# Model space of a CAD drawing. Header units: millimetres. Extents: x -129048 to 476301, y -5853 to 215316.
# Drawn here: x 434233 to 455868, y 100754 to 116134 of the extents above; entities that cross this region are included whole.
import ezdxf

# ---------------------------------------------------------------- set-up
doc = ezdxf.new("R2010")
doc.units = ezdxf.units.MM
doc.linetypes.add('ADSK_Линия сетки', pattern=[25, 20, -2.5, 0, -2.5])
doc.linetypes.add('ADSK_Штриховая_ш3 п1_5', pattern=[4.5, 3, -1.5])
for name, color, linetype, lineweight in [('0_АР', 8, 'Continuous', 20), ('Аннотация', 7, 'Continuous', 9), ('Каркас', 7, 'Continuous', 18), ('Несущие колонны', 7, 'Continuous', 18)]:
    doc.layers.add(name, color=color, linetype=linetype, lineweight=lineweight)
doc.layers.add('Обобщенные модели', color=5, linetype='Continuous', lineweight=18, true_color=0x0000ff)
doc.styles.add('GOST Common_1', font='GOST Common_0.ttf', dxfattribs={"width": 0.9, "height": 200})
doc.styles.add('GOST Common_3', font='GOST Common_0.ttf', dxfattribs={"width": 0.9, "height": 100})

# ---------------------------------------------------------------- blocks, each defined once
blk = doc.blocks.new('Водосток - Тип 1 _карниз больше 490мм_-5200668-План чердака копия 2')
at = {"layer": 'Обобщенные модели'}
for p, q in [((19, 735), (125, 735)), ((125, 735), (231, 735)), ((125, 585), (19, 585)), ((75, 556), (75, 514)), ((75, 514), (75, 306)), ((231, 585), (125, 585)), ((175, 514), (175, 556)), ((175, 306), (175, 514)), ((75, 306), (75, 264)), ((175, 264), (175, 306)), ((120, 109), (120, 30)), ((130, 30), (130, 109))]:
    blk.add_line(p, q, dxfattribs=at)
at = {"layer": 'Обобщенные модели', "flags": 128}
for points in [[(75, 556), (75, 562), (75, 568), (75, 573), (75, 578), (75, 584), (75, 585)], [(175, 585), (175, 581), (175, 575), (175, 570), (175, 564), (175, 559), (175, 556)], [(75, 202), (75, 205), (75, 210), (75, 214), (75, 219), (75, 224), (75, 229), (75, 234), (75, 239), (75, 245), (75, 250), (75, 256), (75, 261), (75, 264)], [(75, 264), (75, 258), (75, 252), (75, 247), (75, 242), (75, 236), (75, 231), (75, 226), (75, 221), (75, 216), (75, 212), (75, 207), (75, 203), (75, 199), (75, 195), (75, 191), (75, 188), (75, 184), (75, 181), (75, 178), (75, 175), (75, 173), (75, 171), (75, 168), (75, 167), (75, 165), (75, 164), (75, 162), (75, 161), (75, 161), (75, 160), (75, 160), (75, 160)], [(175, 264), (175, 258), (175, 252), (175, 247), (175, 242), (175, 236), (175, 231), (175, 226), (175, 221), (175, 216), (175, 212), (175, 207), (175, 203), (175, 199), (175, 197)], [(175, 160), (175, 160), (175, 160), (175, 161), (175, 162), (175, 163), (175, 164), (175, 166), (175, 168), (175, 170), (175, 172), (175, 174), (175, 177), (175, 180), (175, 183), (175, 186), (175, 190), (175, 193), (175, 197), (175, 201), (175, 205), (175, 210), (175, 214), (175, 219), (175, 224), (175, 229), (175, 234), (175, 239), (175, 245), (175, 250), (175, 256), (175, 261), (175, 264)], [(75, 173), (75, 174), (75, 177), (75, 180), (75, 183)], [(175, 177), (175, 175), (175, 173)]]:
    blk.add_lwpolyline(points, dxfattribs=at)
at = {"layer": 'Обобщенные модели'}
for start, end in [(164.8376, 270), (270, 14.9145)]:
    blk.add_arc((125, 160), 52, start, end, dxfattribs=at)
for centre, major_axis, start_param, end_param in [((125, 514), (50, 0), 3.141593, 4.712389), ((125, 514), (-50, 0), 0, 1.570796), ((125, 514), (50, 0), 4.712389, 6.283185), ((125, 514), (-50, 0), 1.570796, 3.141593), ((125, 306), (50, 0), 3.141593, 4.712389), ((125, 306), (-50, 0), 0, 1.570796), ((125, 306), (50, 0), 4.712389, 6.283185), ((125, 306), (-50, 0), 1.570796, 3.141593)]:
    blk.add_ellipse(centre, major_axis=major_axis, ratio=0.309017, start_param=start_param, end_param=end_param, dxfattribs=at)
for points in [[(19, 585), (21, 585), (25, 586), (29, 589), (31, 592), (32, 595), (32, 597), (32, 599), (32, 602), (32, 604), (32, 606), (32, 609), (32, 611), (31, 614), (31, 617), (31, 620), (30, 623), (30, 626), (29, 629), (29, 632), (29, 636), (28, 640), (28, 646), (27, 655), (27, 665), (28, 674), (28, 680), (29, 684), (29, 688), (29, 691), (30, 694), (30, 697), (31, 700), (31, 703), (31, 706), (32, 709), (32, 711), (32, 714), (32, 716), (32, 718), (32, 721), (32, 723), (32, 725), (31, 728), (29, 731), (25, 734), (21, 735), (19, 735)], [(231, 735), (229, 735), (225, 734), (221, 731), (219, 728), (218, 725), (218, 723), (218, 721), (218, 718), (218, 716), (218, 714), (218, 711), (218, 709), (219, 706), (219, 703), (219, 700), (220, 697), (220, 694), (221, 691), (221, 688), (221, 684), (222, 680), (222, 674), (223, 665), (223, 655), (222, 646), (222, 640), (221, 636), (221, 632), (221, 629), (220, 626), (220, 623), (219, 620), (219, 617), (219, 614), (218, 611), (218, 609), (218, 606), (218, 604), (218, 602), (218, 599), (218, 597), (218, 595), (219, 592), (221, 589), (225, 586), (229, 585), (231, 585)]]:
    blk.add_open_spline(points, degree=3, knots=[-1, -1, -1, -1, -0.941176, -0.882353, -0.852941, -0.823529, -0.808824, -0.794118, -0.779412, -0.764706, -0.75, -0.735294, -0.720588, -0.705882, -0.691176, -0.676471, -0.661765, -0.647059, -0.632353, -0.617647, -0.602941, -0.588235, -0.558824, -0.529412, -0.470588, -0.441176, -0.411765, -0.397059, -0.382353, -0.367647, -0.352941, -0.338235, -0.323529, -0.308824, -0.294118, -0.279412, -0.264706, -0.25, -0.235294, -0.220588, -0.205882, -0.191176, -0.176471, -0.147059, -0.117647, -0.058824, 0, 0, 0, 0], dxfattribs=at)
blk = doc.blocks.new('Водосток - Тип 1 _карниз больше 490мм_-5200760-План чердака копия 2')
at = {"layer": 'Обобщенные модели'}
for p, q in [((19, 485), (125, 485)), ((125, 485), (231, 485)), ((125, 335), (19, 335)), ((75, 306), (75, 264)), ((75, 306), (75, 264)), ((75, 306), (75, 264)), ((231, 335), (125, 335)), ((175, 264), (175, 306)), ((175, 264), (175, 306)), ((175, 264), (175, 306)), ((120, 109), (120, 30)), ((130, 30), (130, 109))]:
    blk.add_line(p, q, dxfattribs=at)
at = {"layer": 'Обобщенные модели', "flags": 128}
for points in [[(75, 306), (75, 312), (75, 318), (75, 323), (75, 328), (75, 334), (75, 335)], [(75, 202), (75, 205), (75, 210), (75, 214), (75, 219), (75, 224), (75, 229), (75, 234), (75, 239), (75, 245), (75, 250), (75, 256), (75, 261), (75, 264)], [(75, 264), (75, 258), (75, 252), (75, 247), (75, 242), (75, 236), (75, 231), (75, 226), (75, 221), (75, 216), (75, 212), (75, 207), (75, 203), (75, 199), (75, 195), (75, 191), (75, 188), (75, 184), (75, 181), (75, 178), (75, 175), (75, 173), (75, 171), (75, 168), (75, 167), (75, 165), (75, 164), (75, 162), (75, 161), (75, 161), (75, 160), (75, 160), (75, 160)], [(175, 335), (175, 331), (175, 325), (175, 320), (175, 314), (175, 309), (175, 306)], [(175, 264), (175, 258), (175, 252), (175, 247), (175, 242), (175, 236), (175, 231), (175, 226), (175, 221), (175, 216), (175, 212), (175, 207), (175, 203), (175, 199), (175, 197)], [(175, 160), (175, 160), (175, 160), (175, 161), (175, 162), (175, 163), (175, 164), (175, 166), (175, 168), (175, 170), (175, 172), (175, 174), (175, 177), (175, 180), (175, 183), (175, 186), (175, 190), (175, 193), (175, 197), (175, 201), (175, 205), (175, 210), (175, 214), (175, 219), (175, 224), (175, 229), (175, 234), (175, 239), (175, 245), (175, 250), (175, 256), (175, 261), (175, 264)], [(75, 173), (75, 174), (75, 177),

_____

§ WHAT THIS TASK INVOLVES
Return, word for word, the lines of the data above from the line with "# Drawn here: x" through the line with "doc.units = ezdxf.units.MM", inclusive.

§ ANSWER BOX
# Drawn here: x 434233 to 455868, y 100754 to 116134 of the extents above; entities that cross this region are included whole.
import ezdxf

# ---------------------------------------------------------------- set-up
doc = ezdxf.new("R2010")
doc.units = ezdxf.units.MM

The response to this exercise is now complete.